Was haltet ihr von der Reaper bzw habt ihr noch andere Vorschläge?
Gruß Timon


----------



## facehugger (16. Juni 2014)

*AW: Gaming Maus für große Hände*

Ich würd vor dem Kauf erst einmal "probegriffeln" gehn, meinetwegen in einem Blödmarkt/Saturn oder ähnlichem. Natürlich auch bei deinem PC-Dealer des Vertrauens... Selbst habe ich keine allzu großen Pfoten, sonst hätte ich dir die Sharkoon empfohlen:


 Sharkoon Drakonia Black, USB Preisvergleich | Geizhals Deutschland
aber hier werden schon Vorschläge niederprasseln...

 Gruß


----------



## Teutonnen (16. Juni 2014)

*AW: Gaming Maus für große Hände*

Mionix Avior 7000 / Naos 7000 (nicht die 8200, die hat den Avago 9800 drin )
Steelseries Sensei
Roccat Kone pure optical


----------



## Z3Rlot (16. Juni 2014)

*AW: Gaming Maus für große Hände*

Die Logitech G400 habe ich selber und habe extrem grosse Hände.
Bin beim Zocken viel besser geworden seitdem ich diese Maus nutze.
http://www.heise.de/preisvergleich/logitech-g400s-optical-gaming-mouse-910-003425-a953444.html


----------



## Teutonnen (16. Juni 2014)

*AW: Gaming Maus für große Hände*

Die hab ich nicht aufgelistet, weil die G502 ergonomisch praktisch gleich ist und dem TE anscheinend nicht gefällt. Kann's aber bestätigen, dei G400s ist top.


----------



## fr3w (16. Juni 2014)

Teutonnen schrieb:


> Kann's aber bestätigen, dei G400s ist top.
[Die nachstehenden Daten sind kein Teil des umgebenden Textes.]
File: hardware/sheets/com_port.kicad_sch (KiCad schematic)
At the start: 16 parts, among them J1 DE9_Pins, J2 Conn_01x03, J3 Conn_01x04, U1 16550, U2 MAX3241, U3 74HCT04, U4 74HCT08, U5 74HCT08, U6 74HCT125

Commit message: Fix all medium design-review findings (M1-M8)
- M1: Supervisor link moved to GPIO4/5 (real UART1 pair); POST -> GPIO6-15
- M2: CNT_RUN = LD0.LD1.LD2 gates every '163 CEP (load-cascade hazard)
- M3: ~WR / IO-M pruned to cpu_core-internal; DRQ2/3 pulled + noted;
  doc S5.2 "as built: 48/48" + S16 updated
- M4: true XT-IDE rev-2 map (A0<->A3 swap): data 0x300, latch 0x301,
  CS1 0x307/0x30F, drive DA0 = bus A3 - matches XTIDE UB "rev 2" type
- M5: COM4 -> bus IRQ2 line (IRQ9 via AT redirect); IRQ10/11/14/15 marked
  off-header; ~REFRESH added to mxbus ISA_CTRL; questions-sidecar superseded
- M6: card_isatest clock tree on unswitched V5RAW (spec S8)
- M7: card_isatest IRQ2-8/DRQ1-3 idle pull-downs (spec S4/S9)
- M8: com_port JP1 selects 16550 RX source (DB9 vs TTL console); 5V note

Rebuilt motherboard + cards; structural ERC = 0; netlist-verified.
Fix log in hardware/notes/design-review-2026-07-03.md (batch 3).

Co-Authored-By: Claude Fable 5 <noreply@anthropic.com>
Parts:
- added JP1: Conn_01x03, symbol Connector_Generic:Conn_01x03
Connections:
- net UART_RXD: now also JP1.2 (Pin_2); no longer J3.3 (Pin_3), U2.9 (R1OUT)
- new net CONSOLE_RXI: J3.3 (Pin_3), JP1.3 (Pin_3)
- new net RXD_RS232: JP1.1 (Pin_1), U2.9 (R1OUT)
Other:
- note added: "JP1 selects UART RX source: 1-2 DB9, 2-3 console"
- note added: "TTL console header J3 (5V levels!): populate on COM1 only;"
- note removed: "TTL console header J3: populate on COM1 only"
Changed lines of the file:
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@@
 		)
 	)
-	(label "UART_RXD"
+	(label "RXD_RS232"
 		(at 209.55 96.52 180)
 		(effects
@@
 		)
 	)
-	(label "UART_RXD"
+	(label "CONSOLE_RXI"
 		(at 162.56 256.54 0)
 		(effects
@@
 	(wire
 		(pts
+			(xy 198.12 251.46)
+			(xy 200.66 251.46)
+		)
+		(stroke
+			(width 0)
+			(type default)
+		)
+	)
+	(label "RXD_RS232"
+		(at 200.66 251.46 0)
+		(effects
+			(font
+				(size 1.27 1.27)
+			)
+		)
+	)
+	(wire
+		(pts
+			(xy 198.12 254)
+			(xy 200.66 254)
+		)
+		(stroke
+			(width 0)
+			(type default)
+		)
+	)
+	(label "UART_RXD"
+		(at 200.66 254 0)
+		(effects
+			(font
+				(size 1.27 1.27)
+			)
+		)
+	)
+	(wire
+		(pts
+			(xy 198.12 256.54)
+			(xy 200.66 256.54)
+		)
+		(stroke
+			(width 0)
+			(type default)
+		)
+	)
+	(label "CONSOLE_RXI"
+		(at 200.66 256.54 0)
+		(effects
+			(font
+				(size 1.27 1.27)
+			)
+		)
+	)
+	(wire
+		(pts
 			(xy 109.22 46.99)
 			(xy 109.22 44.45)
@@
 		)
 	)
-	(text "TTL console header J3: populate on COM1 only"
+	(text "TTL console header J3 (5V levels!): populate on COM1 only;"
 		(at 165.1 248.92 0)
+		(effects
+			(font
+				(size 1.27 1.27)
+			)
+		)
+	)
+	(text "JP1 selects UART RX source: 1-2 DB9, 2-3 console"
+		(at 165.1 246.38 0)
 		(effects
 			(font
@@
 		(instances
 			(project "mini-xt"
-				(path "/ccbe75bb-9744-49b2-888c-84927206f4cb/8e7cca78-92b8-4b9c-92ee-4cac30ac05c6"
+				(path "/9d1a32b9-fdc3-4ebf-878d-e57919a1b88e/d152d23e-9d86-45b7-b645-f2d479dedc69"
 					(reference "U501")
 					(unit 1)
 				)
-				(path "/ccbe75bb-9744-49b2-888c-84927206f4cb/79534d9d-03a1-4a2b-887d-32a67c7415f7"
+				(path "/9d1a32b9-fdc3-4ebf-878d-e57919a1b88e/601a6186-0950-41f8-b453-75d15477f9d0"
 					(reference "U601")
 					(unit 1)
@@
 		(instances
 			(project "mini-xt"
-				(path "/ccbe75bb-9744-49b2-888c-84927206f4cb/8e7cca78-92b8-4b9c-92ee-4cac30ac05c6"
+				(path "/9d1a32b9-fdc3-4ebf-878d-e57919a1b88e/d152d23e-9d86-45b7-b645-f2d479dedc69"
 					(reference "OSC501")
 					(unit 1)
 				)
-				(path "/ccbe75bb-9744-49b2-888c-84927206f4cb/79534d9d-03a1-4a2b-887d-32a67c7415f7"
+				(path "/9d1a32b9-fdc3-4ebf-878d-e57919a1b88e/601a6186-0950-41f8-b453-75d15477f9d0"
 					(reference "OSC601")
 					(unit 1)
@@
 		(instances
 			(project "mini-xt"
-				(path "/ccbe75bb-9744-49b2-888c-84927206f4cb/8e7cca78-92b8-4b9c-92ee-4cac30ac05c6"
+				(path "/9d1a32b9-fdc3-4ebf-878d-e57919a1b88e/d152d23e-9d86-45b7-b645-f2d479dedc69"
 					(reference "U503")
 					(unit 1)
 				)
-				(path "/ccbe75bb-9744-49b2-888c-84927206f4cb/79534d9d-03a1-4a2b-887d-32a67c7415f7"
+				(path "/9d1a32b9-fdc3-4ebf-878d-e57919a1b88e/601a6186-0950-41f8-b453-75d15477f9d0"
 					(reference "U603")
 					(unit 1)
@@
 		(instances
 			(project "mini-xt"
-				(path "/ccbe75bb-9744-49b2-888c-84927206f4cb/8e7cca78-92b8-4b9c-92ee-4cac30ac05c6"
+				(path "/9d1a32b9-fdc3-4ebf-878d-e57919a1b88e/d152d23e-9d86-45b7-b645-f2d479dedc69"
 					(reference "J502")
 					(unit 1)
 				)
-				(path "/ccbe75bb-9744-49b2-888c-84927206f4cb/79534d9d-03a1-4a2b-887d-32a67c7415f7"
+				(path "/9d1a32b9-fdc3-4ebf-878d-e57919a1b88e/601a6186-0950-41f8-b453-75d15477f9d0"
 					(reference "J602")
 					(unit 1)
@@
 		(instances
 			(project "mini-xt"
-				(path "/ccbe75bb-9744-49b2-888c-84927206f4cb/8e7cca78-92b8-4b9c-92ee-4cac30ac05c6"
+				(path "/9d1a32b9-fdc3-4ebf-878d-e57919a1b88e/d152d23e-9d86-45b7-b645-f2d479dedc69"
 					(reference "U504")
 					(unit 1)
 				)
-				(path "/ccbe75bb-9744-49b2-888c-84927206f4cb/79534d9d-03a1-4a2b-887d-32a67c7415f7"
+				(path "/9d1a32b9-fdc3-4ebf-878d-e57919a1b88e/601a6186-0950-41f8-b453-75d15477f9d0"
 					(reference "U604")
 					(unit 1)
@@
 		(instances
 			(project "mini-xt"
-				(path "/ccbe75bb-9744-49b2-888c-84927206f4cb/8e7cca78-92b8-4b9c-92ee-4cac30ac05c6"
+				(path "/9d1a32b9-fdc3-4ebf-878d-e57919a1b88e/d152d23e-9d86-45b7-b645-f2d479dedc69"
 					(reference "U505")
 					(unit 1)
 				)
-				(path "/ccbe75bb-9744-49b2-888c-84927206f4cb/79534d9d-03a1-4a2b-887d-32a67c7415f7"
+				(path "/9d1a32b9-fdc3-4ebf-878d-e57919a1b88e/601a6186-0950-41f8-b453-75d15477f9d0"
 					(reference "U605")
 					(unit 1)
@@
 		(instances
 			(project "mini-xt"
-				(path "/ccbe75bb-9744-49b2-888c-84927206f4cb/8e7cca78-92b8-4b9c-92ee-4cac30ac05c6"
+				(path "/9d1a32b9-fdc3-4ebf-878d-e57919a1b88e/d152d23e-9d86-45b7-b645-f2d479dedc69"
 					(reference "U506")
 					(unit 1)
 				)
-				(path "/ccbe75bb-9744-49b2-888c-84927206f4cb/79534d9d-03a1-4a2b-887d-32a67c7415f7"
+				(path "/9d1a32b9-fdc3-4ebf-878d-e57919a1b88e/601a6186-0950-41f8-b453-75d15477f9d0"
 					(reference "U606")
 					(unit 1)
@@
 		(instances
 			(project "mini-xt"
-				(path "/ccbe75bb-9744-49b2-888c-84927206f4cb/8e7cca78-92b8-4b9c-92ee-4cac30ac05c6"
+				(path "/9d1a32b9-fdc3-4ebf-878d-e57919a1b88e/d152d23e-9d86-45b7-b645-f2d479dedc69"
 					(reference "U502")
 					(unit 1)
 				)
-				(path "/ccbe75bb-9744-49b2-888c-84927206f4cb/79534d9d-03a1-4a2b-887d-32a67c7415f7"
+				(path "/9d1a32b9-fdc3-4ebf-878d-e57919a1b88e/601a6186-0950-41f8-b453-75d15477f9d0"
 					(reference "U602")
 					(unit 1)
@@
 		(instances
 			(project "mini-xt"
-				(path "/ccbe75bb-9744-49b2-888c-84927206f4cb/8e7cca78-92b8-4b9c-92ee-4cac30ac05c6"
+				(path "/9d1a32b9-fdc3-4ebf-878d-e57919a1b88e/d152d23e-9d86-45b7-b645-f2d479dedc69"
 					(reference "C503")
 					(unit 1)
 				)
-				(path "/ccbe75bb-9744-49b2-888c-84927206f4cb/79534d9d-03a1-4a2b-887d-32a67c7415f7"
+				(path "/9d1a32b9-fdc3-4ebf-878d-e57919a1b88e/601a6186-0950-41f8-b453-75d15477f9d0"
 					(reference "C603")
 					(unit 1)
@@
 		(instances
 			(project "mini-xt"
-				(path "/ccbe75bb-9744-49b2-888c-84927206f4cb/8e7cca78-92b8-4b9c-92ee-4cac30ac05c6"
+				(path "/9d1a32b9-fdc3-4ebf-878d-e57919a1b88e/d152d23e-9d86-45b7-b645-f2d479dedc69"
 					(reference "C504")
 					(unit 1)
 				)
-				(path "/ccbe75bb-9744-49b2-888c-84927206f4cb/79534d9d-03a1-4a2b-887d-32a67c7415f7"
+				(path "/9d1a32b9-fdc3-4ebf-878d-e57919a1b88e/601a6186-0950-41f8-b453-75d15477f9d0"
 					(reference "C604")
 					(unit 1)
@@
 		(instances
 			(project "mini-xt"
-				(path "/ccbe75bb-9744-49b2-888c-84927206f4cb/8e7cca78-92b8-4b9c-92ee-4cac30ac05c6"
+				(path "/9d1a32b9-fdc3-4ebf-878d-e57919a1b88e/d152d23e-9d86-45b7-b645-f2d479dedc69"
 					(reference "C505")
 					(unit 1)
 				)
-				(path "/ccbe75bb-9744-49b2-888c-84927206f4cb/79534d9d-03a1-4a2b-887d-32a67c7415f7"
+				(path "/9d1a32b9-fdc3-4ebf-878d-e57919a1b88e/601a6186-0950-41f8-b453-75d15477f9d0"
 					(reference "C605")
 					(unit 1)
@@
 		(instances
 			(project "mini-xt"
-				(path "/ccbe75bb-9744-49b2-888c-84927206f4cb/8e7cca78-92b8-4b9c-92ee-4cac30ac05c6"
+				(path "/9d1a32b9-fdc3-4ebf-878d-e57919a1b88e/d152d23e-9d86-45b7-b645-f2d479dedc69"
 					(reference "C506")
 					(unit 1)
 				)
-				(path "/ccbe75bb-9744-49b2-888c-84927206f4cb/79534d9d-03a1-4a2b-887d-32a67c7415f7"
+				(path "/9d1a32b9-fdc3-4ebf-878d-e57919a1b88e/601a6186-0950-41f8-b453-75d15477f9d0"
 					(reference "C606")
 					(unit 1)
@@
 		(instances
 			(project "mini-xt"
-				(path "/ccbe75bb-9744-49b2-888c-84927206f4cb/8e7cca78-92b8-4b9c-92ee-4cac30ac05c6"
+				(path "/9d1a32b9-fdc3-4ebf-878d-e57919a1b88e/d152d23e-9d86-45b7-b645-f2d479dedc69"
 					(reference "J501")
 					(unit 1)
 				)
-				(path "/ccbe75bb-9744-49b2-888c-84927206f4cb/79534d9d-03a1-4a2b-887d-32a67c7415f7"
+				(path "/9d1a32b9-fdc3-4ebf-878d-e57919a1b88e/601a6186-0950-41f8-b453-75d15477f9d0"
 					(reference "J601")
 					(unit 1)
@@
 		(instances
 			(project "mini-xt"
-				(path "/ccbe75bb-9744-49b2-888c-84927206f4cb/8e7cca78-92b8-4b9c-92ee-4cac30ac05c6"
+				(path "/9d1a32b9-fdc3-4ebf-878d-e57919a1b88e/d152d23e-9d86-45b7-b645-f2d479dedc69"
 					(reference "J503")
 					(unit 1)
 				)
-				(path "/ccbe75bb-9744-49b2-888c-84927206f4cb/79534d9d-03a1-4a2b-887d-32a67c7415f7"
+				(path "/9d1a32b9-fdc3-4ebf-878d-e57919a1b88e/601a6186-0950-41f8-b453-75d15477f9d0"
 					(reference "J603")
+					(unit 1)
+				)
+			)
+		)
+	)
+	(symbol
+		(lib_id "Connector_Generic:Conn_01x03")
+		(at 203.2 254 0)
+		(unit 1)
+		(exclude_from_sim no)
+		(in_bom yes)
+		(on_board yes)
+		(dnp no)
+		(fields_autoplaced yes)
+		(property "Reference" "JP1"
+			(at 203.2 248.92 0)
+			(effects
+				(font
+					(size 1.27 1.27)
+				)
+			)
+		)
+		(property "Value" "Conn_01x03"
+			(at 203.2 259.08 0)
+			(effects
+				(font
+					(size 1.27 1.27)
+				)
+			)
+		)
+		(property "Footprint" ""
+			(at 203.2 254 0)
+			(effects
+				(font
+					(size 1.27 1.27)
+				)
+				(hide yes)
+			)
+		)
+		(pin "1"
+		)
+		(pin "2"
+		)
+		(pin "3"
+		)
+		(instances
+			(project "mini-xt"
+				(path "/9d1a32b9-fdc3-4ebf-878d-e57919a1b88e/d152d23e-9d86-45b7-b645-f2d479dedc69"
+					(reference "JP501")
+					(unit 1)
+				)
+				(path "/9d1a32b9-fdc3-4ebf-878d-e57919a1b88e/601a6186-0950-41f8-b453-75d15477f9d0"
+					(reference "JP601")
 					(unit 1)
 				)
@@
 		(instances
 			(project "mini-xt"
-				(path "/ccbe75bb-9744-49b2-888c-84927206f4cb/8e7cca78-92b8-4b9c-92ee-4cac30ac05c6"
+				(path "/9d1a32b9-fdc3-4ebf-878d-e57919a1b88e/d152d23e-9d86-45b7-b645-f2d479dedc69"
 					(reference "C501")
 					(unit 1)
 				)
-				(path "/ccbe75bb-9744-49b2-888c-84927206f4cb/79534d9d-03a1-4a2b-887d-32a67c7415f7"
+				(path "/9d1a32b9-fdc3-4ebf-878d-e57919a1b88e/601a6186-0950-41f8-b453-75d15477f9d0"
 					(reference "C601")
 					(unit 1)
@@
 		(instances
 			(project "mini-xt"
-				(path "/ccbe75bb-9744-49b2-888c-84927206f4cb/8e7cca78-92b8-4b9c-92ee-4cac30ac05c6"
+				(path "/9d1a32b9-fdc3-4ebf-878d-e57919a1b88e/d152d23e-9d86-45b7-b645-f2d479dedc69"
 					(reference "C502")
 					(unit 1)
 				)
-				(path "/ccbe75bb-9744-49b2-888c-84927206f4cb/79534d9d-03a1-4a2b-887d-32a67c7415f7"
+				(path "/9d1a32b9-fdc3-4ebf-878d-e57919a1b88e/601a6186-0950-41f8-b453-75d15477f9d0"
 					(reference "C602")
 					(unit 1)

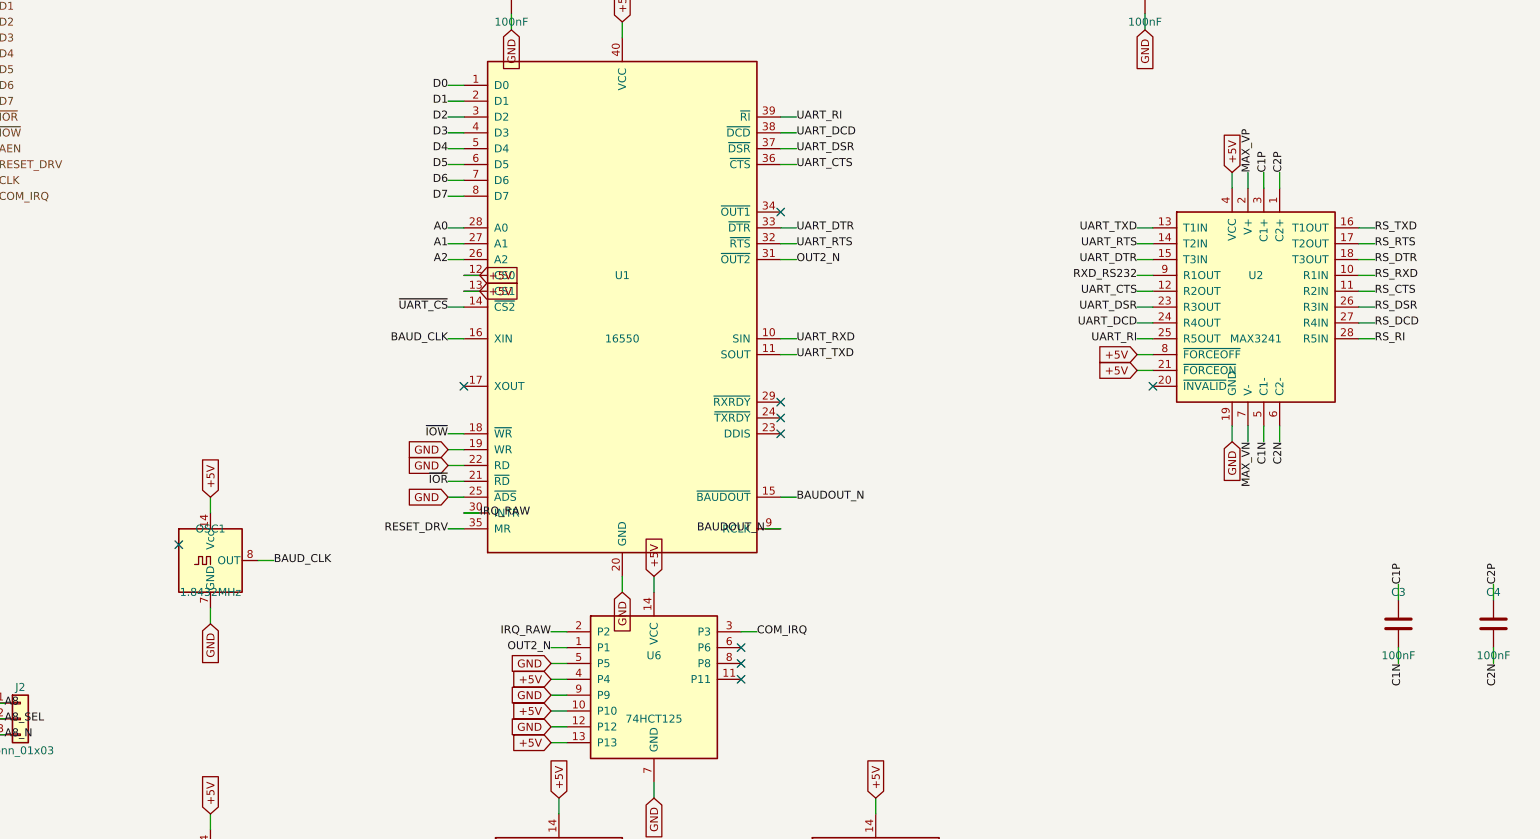
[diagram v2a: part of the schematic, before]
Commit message: JLCPCB sourcing pass: verify pinouts, LCSC part numbers, SMD build
Custom-symbol verification (open-questions Q5 resolved):
- MAX3241 symbol was wrong on nearly every pin and used MAX3243-style
  control names; regenerated to the real SSOP-28 pinout (SHDN#/EN#/
  R1OUTB/R2OUTB) and com_port rewired -- EN# must be GROUNDED (the old
  ~FORCEON-high would have disabled the receivers on real silicon)
- DS12C887 symbol wrong on 4 pins (DS=17, RESET#=18, IRQ#=19, SQW=23)

Sourcing (every part checked against the JLC DB; ~45 line items):
- New tools/parts.py maps (lib_id, value) -> LCSC; build.py applies it as
  an 'LCSC Part Num' property on every component (384 across the project)
- Sheets stay generic; stock-forced substitutions bound in the map:
  '374->'574 (parallel rewired), '163->'161, '157->HC157 (+HCT-buffered
  3.3V selects, I0/I1 swapped), '02->HC02, TCM809->MCP809, 2N3904->MMBT3904
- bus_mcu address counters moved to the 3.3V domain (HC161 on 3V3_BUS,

Ich schließ mich an - Top Maus für große Hände finde ich


----------



## Monsjo (16. Juni 2014)

*AW: Gaming Maus für große Hände*

Ich dachte die G400s fiept bei Benutzung?


----------



## Sirthegoat (16. Juni 2014)

*AW: Gaming Maus für große Hände*

Ich werf mal noch die Steelseries Rival mit in den Ring, von den Sharkoon Mäusen würde ich abraten da soweit ich das überblicken kann alle native Beschleunigung haben, wenns sehr billig sein soll ist die Fireglider aber immer noch ne Option.
Ums Anfassen im örtlichen Saturn / MM kommst du aber trotzdem nicht rum, jeder hat andere Hände.
Wurde eigentlich ein Budget festgelegt, beim durchlesen habe ich nicht gefunden.


----------



## fr3w (16. Juni 2014)

Monsjo schrieb:


> Ich dachte die G400s fiept bei Benutzung?



Meine nicht :o


----------



## Teutonnen (16. Juni 2014)

*AW: Gaming Maus für große Hände*



Monsjo schrieb:


> Ich dachte die G400s fiept bei Benutzung?


 
War die g500s mit ihrem kack Laser.


----------



## Monsjo (16. Juni 2014)

*AW: Gaming Maus für große Hände*

Achso, danke.


----------



## Shadow_dream (16. Juni 2014)

Ich suche auch noch eine Maus.

Typ: Fingertip und highsense.
Hab bisher ne R.A.T 5 die mir gut gefällt, aber gern etwas größer/höher sein darf, hab große Hände. Die DPI hab ich auf 4.000 (6/11windows), das wäre ein guter Wert. (Ich bewege die Maus meist nur mit den Fingern um den Handballen am Tisch zu schonen - hab auch super Fingerspitzengefühl)
Wichtig sind mir die Vor-Zurück Taste am Daumen, weil ich die oft nutze. MMO Tastenurwald brauch ich nicht, da kann man die Maus ja gar nicht mehr halten  Kabel soll sie auch haben. Kein 'Billigplastik', 80€ dürfen es schon sein. Wenn möglich mit Gewichtssystem und anpassbaren dpi (100-schritte im Treiber).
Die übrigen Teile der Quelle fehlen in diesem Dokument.